──────── Data in this exercise ────────

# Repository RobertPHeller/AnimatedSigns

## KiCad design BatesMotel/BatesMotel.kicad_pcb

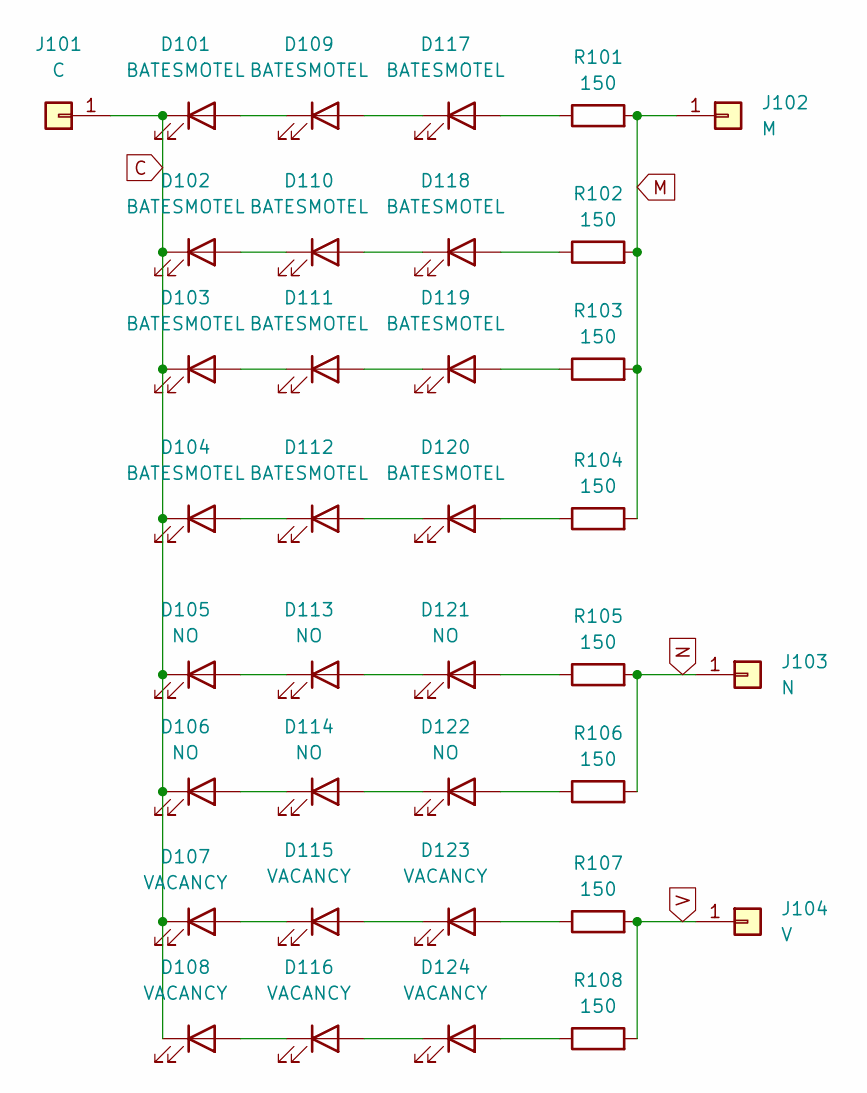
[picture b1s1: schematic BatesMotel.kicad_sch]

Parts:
D101, D102, D103, D104, D109, D110, D111, D112, D117, D118, D119, D120: BATESMOTEL; LED_1206_3216Metric; Mouser Part Number 743-S126AT5UW
D105, D106, D113, D114, D121, D122: NO; LED_0603_1608Metric; Mouser Part Number 630-HSMW-C191-U0000
D107, D108, D115, D116, D123, D124: VACANCY; LED_0603_1608Metric; Mouser Part Number 630-HSMW-C191-U0000
J101: C; ContactPad
J102: M; ContactPad
J103: N; ContactPad
J104: V; ContactPad
R101, R102, R103, R104, R105, R106, R107, R108: 150; R_0603_1608Metric; Mouser Part Number 603-RT0603FRE13150RL

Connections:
C: D101.1 (K), D102.1 (K), D103.1 (K), D104.1 (K), D105.1 (K), D106.1 (K), D107.1 (K), D108.1 (K), J101.1
M: J102.1, R101.2, R102.2, R103.2, R104.2
N: J103.1, R105.2, R106.2
unnamed: D101.2 (A), D109.1 (K)
unnamed: D102.2 (A), D110.1 (K)
unnamed: D103.2 (A), D111.1 (K)
unnamed: D104.2 (A), D112.1 (K)
unnamed: D105.2 (A), D113.1 (K)
unnamed: D106.2 (A), D114.1 (K)
unnamed: D107.2 (A), D115.1 (K)
unnamed: D108.2 (A), D116.1 (K)
unnamed: D109.2 (A), D117.1 (K)
unnamed: D110.2 (A), D118.1 (K)
unnamed: D111.2 (A), D119.1 (K)
unnamed: D112.2 (A), D120.1 (K)
unnamed: D113.2 (A), D121.1 (K)
unnamed: D114.2 (A), D122.1 (K)
unnamed: D115.2 (A), D123.1 (K)
unnamed: D116.2 (A), D124.1 (K)
unnamed: D117.2 (A), R101.1
unnamed: D118.2 (A), R102.1
unnamed: D119.2 (A), R103.1
unnamed: D120.2 (A), R104.1
unnamed: D121.2 (A), R105.1
unnamed: D122.2 (A), R106.1
unnamed: D123.2 (A), R107.1
unnamed: D124.2 (A), R108.1
V: J104.1, R107.2, R108.2

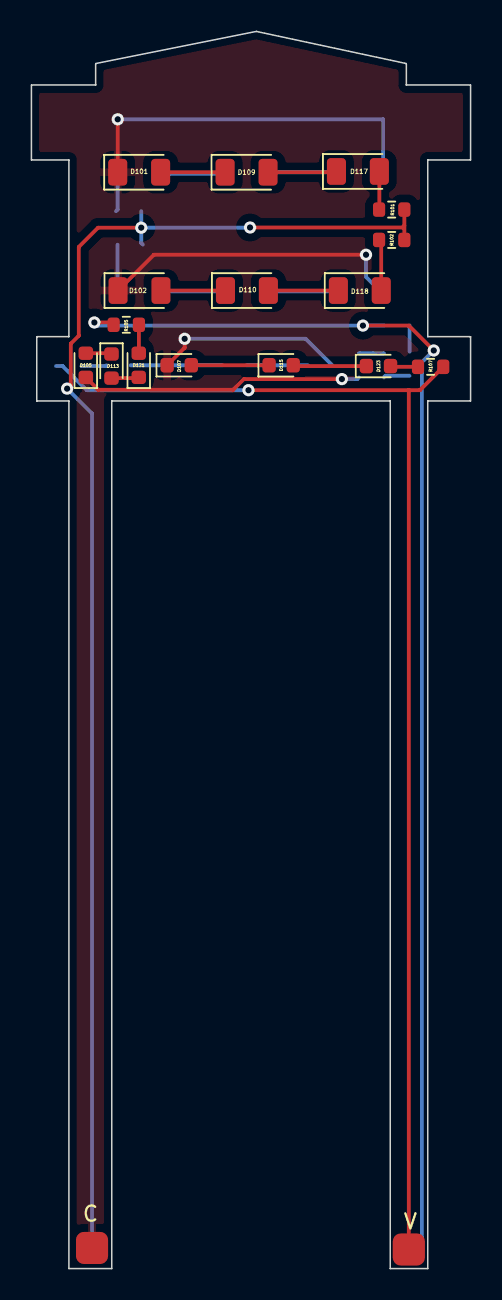
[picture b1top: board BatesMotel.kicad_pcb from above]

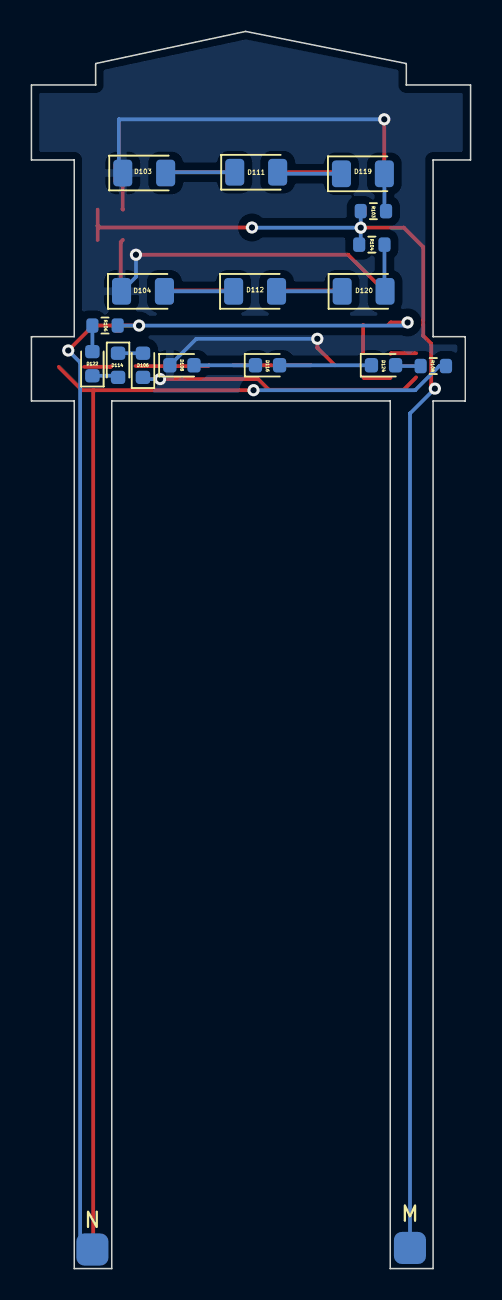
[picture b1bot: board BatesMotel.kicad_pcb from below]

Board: 2 copper layers, 28.7 x 80.7 mm, 36 parts (18 on the bottom side), 28 nets.

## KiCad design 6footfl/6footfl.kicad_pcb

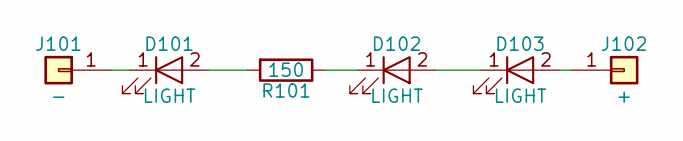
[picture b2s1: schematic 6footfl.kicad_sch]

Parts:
D101, D102, D103: LIGHT; LED_0603; Mouser Part Number 630-HSMW-C191-U0000
J101: -; SmallPad
J102: +; SmallPad
R101: 150; R_0603; Mouser Part Number 603-RT0603FRE13150RL

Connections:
unnamed: D101.1 (K), J101.1
unnamed: D101.2 (A), R101.2
unnamed: D102.1 (K), R101.1
unnamed: D102.2 (A), D103.1 (K)
unnamed: D103.2 (A), J102.1

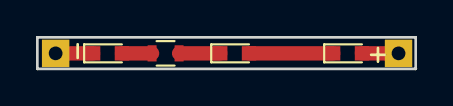
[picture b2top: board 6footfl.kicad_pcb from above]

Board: 2 copper layers, 21.0 x 1.8 mm, 6 parts (0 on the bottom side), 5 nets.

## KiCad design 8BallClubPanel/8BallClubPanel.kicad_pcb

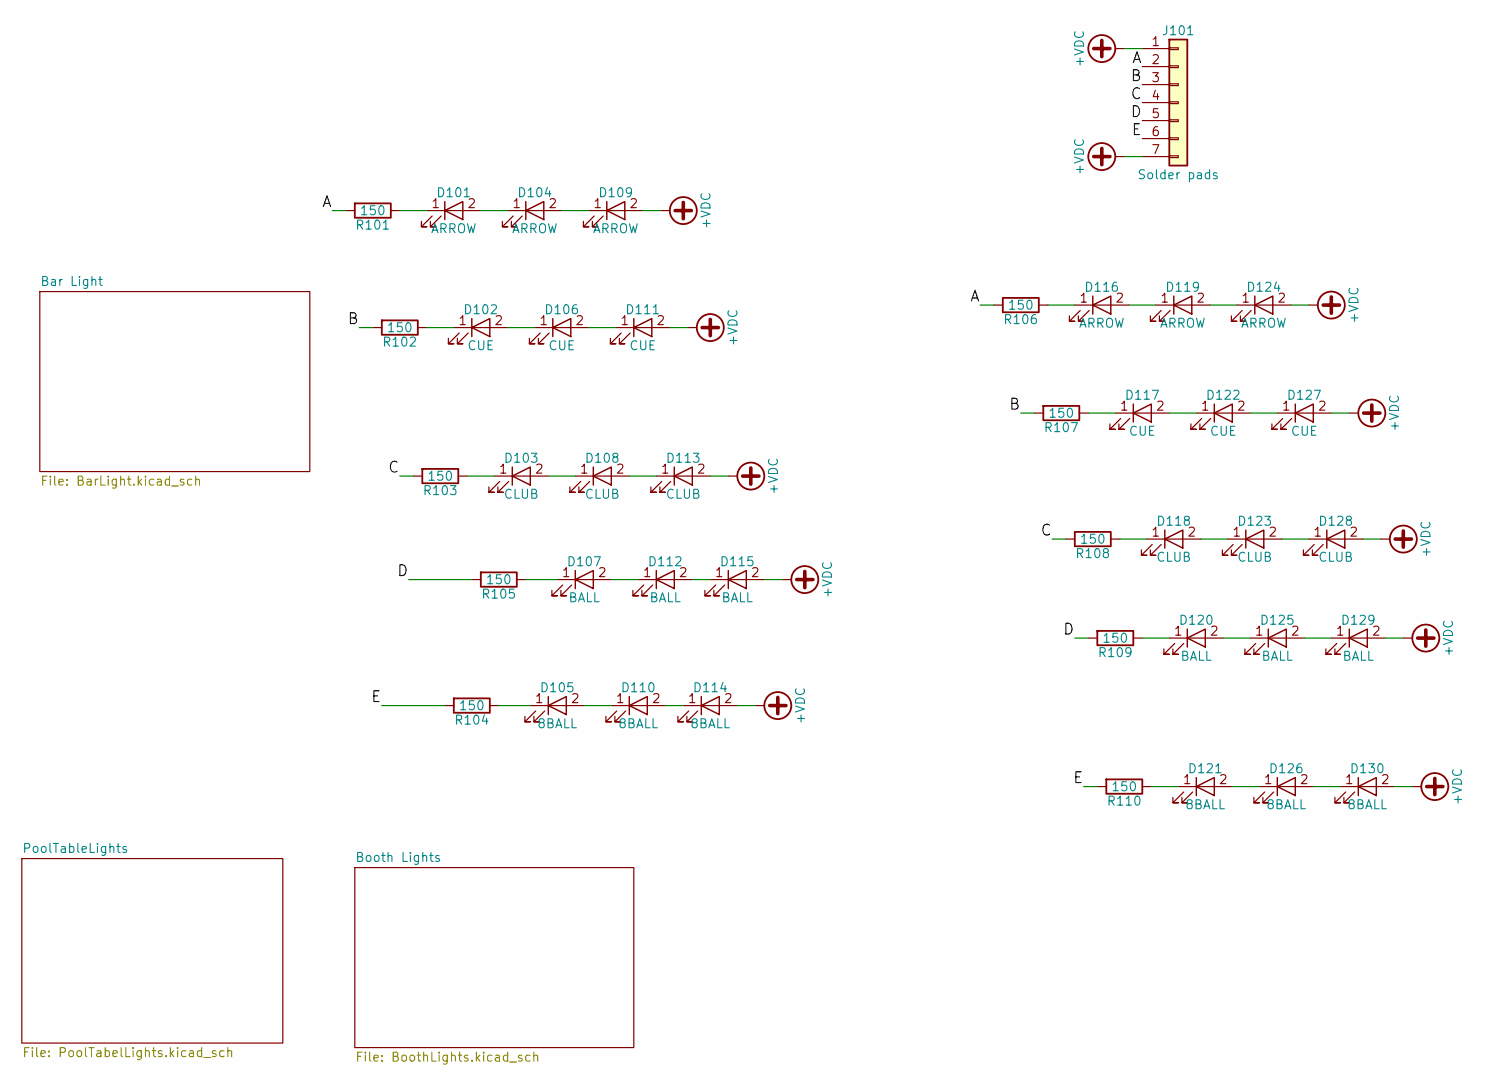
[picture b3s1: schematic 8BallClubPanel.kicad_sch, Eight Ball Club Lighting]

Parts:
D101, D104, D109, D116, D119, D124: ARROW; LED_1206_3216Metric; Mouser Part Number 743-S126AT5UW
D102, D106, D111, D117, D122, D127: CUE; LED_1206_3216Metric; Mouser Part Number 743-S126AT5UW
D103, D108, D113, D118, D123, D128: CLUB; LED_1206_3216Metric; Mouser Part Number 743-S126AT5UW
D105, D110, D114, D121, D126, D130: 8BALL; LED_1206_3216Metric; Mouser Part Number 743-S126AT5UW
D107, D112, D115, D120, D125, D129: BALL; LED_1206_3216Metric; Mouser Part Number 743-S126AT5UW
J101: Solder pads; PowerPlus5X2
R101, R102, R103, R104, R105, R106, R107, R108, R109, R110: 150; R_0603_1608Metric; Mouser Part Number 603-RT0603FRE13150RL

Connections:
+VDC: D109.2 (A), D111.2 (A), D113.2 (A), D114.2 (A), D115.2 (A), D124.2 (A), D127.2 (A), D128.2 (A), D129.2 (A), D130.2 (A), J101.1, J101.7
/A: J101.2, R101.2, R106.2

────────

Stop after the line containing "[picture b1s1: schematic": copy the records exactly from the first line up to there, leaving pictures out.

# Repository RobertPHeller/AnimatedSigns

## KiCad design BatesMotel/BatesMotel.kicad_pcb

[picture b1s1: schematic BatesMotel.kicad_sch]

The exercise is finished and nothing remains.